Rythme calqué sur les professionnels

Fils d’un ancien défenseur international, Alf-Inge Haaland, qui a notamment joué pour Leeds – où Erling est né – et Manchester City, le jeune homme adopte très jeune un rythme calqué sur les professionnels, notamment en matière d’alimentation et de récupération.

Tout va très vite dans la galaxie du Norvégien, aujourd’hui âgé de 19 ans. S’il ne brûle pas les étapes, Haaland est déterminé, comme peut l’être un Kylian Mbappé, à atteindre les objectifs – très hauts – qu’il s’est fixés. Surclassé toute son enfance, et ayant fait le tour de Bryne, il quitte son cocon du sud de la Norvège à 16 ans pour le Molde FK, bien plus au nord. Là, cornaqué par l’ancien buteur international Ole Gunnar Solskjaer, il progresse, et perce dès sa seconde année.

« C’était dingue, il me racontait qu’il devait engloutir trois dîners chaque jour », Tord Salte

Il pousse également physiquement, atteignant 1,94 mètre, lui qui était resté gringalet jusqu’à ses 14 ans révolus. Il se muscle, aussi. « En six mois, il a gagné près de 15 kg, relatait en janvier son ancien partenaire (et ex-pensionnaire du centre de formation de Lyon), Tord Salte.
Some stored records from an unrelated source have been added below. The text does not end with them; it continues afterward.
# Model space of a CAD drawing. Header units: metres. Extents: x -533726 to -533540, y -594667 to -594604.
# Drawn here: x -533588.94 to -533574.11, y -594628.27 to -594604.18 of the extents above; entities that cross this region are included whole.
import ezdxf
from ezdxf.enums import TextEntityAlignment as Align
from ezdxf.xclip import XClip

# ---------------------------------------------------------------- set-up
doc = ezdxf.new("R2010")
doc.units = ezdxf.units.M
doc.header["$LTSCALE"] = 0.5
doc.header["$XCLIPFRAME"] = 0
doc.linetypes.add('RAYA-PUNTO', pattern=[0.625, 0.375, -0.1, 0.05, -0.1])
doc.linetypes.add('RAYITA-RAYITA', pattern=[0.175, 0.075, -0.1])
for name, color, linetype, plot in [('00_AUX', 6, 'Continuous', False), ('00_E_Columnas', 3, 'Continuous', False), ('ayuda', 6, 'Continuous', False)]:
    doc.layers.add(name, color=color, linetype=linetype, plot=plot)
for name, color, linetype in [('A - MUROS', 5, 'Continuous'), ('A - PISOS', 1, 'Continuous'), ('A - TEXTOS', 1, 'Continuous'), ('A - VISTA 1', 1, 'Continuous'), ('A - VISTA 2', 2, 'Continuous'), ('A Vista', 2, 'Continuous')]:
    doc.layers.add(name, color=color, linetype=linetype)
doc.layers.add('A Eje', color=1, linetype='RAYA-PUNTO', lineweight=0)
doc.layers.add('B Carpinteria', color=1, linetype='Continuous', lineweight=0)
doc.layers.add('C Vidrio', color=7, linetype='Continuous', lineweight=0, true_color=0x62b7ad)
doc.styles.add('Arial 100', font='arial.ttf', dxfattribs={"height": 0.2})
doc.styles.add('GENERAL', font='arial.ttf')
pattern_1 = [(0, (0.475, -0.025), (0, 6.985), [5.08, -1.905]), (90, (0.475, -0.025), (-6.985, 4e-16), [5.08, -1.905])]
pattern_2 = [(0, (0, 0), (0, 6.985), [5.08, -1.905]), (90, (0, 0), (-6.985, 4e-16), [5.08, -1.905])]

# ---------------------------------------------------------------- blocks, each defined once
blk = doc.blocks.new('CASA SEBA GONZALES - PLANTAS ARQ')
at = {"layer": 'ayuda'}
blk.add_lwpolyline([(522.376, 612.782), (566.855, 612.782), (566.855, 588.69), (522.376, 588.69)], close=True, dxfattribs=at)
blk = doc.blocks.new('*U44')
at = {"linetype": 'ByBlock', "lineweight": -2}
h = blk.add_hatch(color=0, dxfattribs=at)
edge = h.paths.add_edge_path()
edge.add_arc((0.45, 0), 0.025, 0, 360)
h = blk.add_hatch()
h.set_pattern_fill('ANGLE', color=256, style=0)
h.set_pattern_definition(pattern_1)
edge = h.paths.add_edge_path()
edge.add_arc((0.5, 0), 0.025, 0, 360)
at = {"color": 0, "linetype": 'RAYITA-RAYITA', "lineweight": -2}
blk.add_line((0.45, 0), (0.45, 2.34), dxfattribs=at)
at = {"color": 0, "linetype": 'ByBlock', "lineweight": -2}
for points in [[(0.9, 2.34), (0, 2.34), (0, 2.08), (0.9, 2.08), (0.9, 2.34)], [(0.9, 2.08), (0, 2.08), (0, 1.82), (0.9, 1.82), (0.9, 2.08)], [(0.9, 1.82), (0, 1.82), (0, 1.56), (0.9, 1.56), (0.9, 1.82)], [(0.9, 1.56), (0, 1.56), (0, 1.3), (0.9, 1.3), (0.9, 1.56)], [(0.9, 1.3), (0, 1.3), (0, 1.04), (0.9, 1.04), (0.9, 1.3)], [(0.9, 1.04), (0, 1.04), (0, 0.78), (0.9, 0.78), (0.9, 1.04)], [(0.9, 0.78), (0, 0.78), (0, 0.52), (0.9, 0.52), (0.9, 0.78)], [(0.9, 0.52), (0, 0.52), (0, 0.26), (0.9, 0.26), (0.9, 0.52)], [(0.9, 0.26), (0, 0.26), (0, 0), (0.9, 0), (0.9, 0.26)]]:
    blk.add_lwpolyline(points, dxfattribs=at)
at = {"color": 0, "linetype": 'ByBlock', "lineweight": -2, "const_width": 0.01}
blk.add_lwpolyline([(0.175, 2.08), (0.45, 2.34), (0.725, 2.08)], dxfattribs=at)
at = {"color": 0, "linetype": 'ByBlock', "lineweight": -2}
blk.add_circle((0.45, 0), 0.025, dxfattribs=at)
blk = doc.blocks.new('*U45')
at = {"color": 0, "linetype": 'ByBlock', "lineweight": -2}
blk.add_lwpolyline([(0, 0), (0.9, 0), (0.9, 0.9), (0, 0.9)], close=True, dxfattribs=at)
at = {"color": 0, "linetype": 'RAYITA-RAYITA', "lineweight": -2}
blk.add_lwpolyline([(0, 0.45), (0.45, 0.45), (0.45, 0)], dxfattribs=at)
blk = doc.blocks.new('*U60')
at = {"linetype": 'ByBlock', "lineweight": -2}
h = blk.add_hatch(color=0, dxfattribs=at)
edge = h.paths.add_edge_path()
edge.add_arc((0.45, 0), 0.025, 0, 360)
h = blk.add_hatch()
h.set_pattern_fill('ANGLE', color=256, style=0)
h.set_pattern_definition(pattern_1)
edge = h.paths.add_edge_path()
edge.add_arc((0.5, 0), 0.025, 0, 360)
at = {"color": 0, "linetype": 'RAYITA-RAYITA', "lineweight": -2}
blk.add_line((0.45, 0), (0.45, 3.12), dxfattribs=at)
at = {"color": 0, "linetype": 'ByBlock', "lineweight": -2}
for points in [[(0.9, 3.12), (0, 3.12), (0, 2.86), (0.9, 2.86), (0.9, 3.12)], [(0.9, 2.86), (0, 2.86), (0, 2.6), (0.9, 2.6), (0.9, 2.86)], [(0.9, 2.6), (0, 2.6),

C’était dingue, il me racontait qu’il devait engloutir trois dîners chaque jour. Mais c’est comme ça qu’il est devenu cet énorme monstre. »

Rapide, technique et physique, le grand Scandinave attire l’attention de la galaxie Red Bull, dont les scouts scrutent les talents du monde entier. A l’hiver 2018-2019, il quitte la Norvège pour Salzbourg, en Autriche, club étendard de la firme de boisson énergisante. Après six mois d’adaptation, il se met à inscrire plus d’un but par rencontre.

Au Mondial des moins de 20 ans, il se distingue, fin mai 2019, avec neuf buts lors de la victoire norvégienne face au modeste Honduras en phase de groupes. « Franchement, j’aurais dû en marquer dix », déclare-t-il avec un sourire, après ce match. Toujours en chasse de l’occasion de marquer, il assure « garder cet état d’esprit » dès qu’un ballon traîne dans la surface.

Dortmund, « la meilleure option »

Un an et puis s’en va. Courtisé par les plus grands clubs du continent, y compris Manchester United, dont l’entraîneur, son ancien mentor Ole Solskjaer, s’est déplacé pour tenter de le convaincre, le jeune buteur choisit la Ruhr – « la meilleure option » pour poursuivre sa progression.

« Merde ! » Voilà ce qu’a immédiatement annoncé Max Eberl, le coach du Borussia Mönchengladbach, concurrent direct de l’autre Borussia pour les premières places de Bundesliga, le championnat allemand, quand il a appris le transfert du jeune Norvégien. « C’est la pièce manquante du puzzle, ils ont réussi un sacré coup. »

Car si le jeu offensif de l’équipe de Lucien Favre était léché, grâce notamment à l’éclosion de l’Anglais Jadon Sancho (12 buts et 14 passes décisives depuis le début de la saison), Dortmund péchait souvent dans la finition. Beaucoup moins depuis que le nouveau numéro 17 a débarqué – auteur d’un but sur chacun de ses sept premiers tirs cadrés.

Le coach américain de Salzbourg, Jesse Marsch, n’est guère surpris par cette réussite. « Erling a toujours été un grand joueur. Si Dortmund continue de l’alimenter en ballons aux abords des cages, il marquera des buts à la pelle », estimait-il, après le premier match du Norvégien sous ses nouvelles couleurs.

Les Parisiens sont prévenus. Ce grand blond aux chaussures rouges entend poursuivre sa moisson.